Look below for the line containing "#9151 = LINE ( 'NONE', #354, #15365 ) ;" and the line containing "#13323 = LINE ( 'NONE', #11535, #1809 ) ;"; repeat exactly those two lines and all lines between them, and nothing else.

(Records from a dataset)
---*---
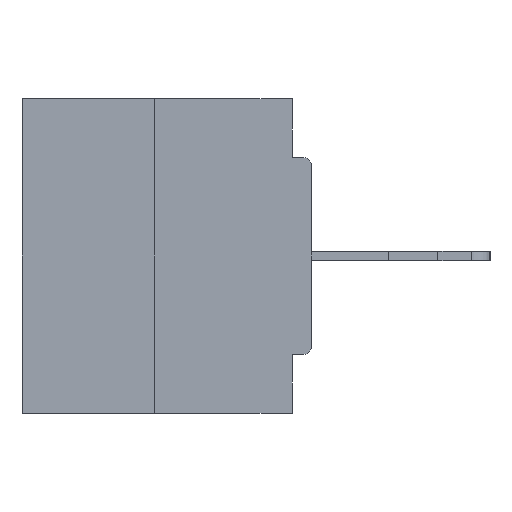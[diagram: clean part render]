
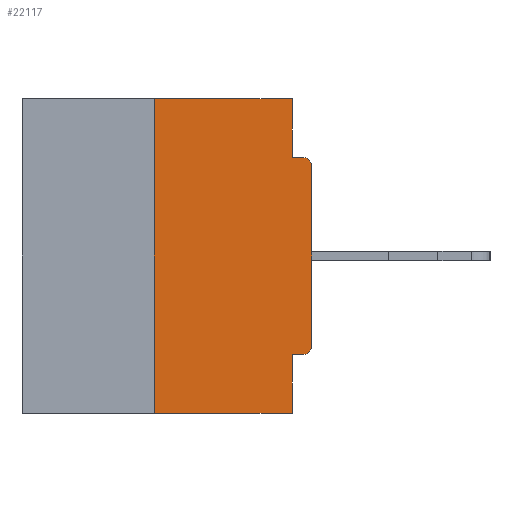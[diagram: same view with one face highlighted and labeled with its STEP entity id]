
A CAD part, left-side view. The second image highlights one B-rep face of the part: STEP entity #22117.
In plain terms, the highlighted planar face has unit normal (-1, 0, 0).
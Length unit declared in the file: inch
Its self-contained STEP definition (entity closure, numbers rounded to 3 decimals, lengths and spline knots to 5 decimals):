
#9 = DIRECTION ( 'NONE',  ( 0., 0., -1. ) ) ;
#205 = CARTESIAN_POINT ( 'NONE',  ( 0., 0.25, 0. ) ) ;
#236 = VERTEX_POINT ( 'NONE', #16974 ) ;
#346 = CARTESIAN_POINT ( 'NONE',  ( 0., 0.46, -0.5 ) ) ;
#354 = CARTESIAN_POINT ( 'NONE',  ( 0., 0.46, 0. ) ) ;
#515 = AXIS2_PLACEMENT_3D ( 'NONE', #20988, #12459, #7988 ) ;
#1061 = VERTEX_POINT ( 'NONE', #8742 ) ;
#1208 = DIRECTION ( 'NONE',  ( 0., 0., 1. ) ) ;
#1768 = VECTOR ( 'NONE', #16201, 39.37008 ) ;
#1809 = VECTOR ( 'NONE', #8732, 39.37008 ) ;
#2148 = AXIS2_PLACEMENT_3D ( 'NONE', #22975, #11742, #20725 ) ;
#2231 = ORIENTED_EDGE ( 'NONE', *, *, #18187, .F. ) ;
#2471 = DIRECTION ( 'NONE',  ( 0., -1., 0. ) ) ;
#3417 = CARTESIAN_POINT ( 'NONE',  ( 0., 0., -0.0935 ) ) ;
#3501 = VERTEX_POINT ( 'NONE', #26878 ) ;
#3607 = EDGE_CURVE ( 'NONE', #236, #3501, #7593, .T. ) ;
#3893 = EDGE_CURVE ( 'NONE', #23529, #23735, #15749, .T. ) ;
#4297 = EDGE_CURVE ( 'NONE', #26806, #20065, #22870, .T. ) ;
#5481 = EDGE_CURVE ( 'NONE', #27080, #12652, #9151, .T. ) ;
#5630 = FACE_OUTER_BOUND ( 'NONE', #27584, .T. ) ;
#6969 = CIRCLE ( 'NONE', #16407, 0.015 ) ;
#7593 = LINE ( 'NONE', #12500, #17761 ) ;
#7988 = DIRECTION ( 'NONE',  ( 0., 0., -1. ) ) ;
#8237 = CARTESIAN_POINT ( 'NONE',  ( 0., 0.25, -0.5 ) ) ;
#8732 = DIRECTION ( 'NONE',  ( 0., 0., -1. ) ) ;
#8742 = CARTESIAN_POINT ( 'NONE',  ( 0., 0.031, -0.0935 ) ) ;
#9151 = LINE ( 'NONE', #354, #15365 ) ;
#9479 = DIRECTION ( 'NONE',  ( 0., 0., 1. ) ) ;
#10108 = PLANE ( 'NONE',  #515 ) ;
#10202 = CARTESIAN_POINT ( 'NONE',  ( 0., 0.031, 0. ) ) ;
#10533 = EDGE_CURVE ( 'NONE', #12652, #1061, #11303, .T. ) ;
#11027 = ORIENTED_EDGE ( 'NONE', *, *, #10533, .F. ) ;
#11303 = LINE ( 'NONE', #20281, #17005 ) ;
#11535 = CARTESIAN_POINT ( 'NONE',  ( 0., 0.031, -0.5 ) ) ;
#11742 = DIRECTION ( 'NONE',  ( -1., 0., 0. ) ) ;
#12222 = CARTESIAN_POINT ( 'NONE',  ( 0., 0.031, -0.4065 ) ) ;
#12459 = DIRECTION ( 'NONE',  ( 1., 0., 0. ) ) ;
#12473 = DIRECTION ( 'NONE',  ( 0., -1., 0. ) ) ;
#12500 = CARTESIAN_POINT ( 'NONE',  ( 0., 0., 0. ) ) ;
#12652 = VERTEX_POINT ( 'NONE', #10202 ) ;
#12992 = ORIENTED_EDGE ( 'NONE', *, *, #3893, .F. ) ;
#13020 = CIRCLE ( 'NONE', #2148, 0.015 ) ;
#13323 = LINE ( 'NONE', #11535, #1809 ) ;
#13690 = DIRECTION ( 'NONE',  ( 0., 1., 0. ) ) ;
#14491 = LINE ( 'NONE', #23492, #26886 ) ;
#14629 = ORIENTED_EDGE ( 'NONE', *, *, #17391, .T. ) ;
#14659 = LINE ( 'NONE', #3417, #28249 ) ;
#15280 = EDGE_CURVE ( 'NONE', #3501, #16947, #13020, .T. ) ;
#15365 = VECTOR ( 'NONE', #2471, 39.37008 ) ;
#15465 = ORIENTED_EDGE ( 'NONE', *, *, #4297, .T. ) ;
#15749 = LINE ( 'NONE', #15885, #28728 ) ;
#15885 = CARTESIAN_POINT ( 'NONE',  ( 0., 0., -0.4065 ) ) ;
#16020 = CARTESIAN_POINT ( 'NONE',  ( 0., 0.015, -0.0935 ) ) ;
#16126 = ORIENTED_EDGE ( 'NONE', *, *, #5481, .F. ) ;
#16201 = DIRECTION ( 'NONE',  ( 0., -1., 0. ) ) ;
#16407 = AXIS2_PLACEMENT_3D ( 'NONE', #20651, #27498, #18457 ) ;
#16947 = VERTEX_POINT ( 'NONE', #16020 ) ;
#16974 = CARTESIAN_POINT ( 'NONE',  ( 0., 0., -0.3915 ) ) ;
#17005 = VECTOR ( 'NONE', #9, 39.37008 ) ;
#17391 = EDGE_CURVE ( 'NONE', #23529, #236, #6969, .T. ) ;
#17761 = VECTOR ( 'NONE', #1208, 39.37008 ) ;
#18187 = EDGE_CURVE ( 'NONE', #26806, #27080, #14491, .T. ) ;
#18457 = DIRECTION ( 'NONE',  ( 0., 0., -1. ) ) ;
#18916 = EDGE_CURVE ( 'NONE', #1061, #16947, #14659, .T. ) ;
#19597 = EDGE_CURVE ( 'NONE', #23735, #20065, #13323, .T. ) ;
#19883 = CARTESIAN_POINT ( 'NONE',  ( 0., 0.031, -0.5 ) ) ;
#20065 = VERTEX_POINT ( 'NONE', #19883 ) ;
#20281 = CARTESIAN_POINT ( 'NONE',  ( 0., 0.031, 0. ) ) ;
#20651 = CARTESIAN_POINT ( 'NONE',  ( 0., 0.015, -0.3915 ) ) ;
#20725 = DIRECTION ( 'NONE',  ( 0., 0., -1. ) ) ;
#20988 = CARTESIAN_POINT ( 'NONE',  ( 0., 0.46, 0. ) ) ;
#22117 = ADVANCED_FACE ( 'NONE', ( #5630 ), #10108, .F. ) ;
#22870 = LINE ( 'NONE', #346, #1768 ) ;
#22967 = ORIENTED_EDGE ( 'NONE', *, *, #18916, .F. ) ;
#22975 = CARTESIAN_POINT ( 'NONE',  ( 0., 0.015, -0.1085 ) ) ;
#23492 = CARTESIAN_POINT ( 'NONE',  ( 0., 0.25, 0. ) ) ;
#23529 = VERTEX_POINT ( 'NONE', #23853 ) ;
#23735 = VERTEX_POINT ( 'NONE', #12222 ) ;
#23853 = CARTESIAN_POINT ( 'NONE',  ( 0., 0.015, -0.4065 ) ) ;
#26806 = VERTEX_POINT ( 'NONE', #8237 ) ;
#26878 = CARTESIAN_POINT ( 'NONE',  ( 0., 0., -0.1085 ) ) ;
#26886 = VECTOR ( 'NONE', #9479, 39.37008 ) ;
#27080 = VERTEX_POINT ( 'NONE', #205 ) ;
#27498 = DIRECTION ( 'NONE',  ( -1., 0., 0. ) ) ;
#27584 = EDGE_LOOP ( 'NONE', ( #16126, #2231, #15465, #28664, #12992, #14629, #27908, #28672, #22967, #11027 ) ) ;
#27908 = ORIENTED_EDGE ( 'NONE', *, *, #3607, .T. ) ;
#28249 = VECTOR ( 'NONE', #12473, 39.37008 ) ;
#28664 = ORIENTED_EDGE ( 'NONE', *, *, #19597, .F. ) ;
#28672 = ORIENTED_EDGE ( 'NONE', *, *, #15280, .T. ) ;
#28728 = VECTOR ( 'NONE', #13690, 39.37008 ) ;
---*---
### Solution
#9151 = LINE ( 'NONE', #354, #15365 ) ;
#9479 = DIRECTION ( 'NONE',  ( 0., 0., 1. ) ) ;
#10108 = PLANE ( 'NONE',  #515 ) ;
#10202 = CARTESIAN_POINT ( 'NONE',  ( 0., 0.031, 0. ) ) ;
#10533 = EDGE_CURVE ( 'NONE', #12652, #1061, #11303, .T. ) ;
#11027 = ORIENTED_EDGE ( 'NONE', *, *, #10533, .F. ) ;
#11303 = LINE ( 'NONE', #20281, #17005 ) ;
#11535 = CARTESIAN_POINT ( 'NONE',  ( 0., 0.031, -0.5 ) ) ;
#11742 = DIRECTION ( 'NONE',  ( -1., 0., 0. ) ) ;
#12222 = CARTESIAN_POINT ( 'NONE',  ( 0., 0.031, -0.4065 ) ) ;
#12459 = DIRECTION ( 'NONE',  ( 1., 0., 0. ) ) ;
#12473 = DIRECTION ( 'NONE',  ( 0., -1., 0. ) ) ;
#12500 = CARTESIAN_POINT ( 'NONE',  ( 0., 0., 0. ) ) ;
#12652 = VERTEX_POINT ( 'NONE', #10202 ) ;
#12992 = ORIENTED_EDGE ( 'NONE', *, *, #3893, .F. ) ;
#13020 = CIRCLE ( 'NONE', #2148, 0.015 ) ;
#13323 = LINE ( 'NONE', #11535, #1809 ) ;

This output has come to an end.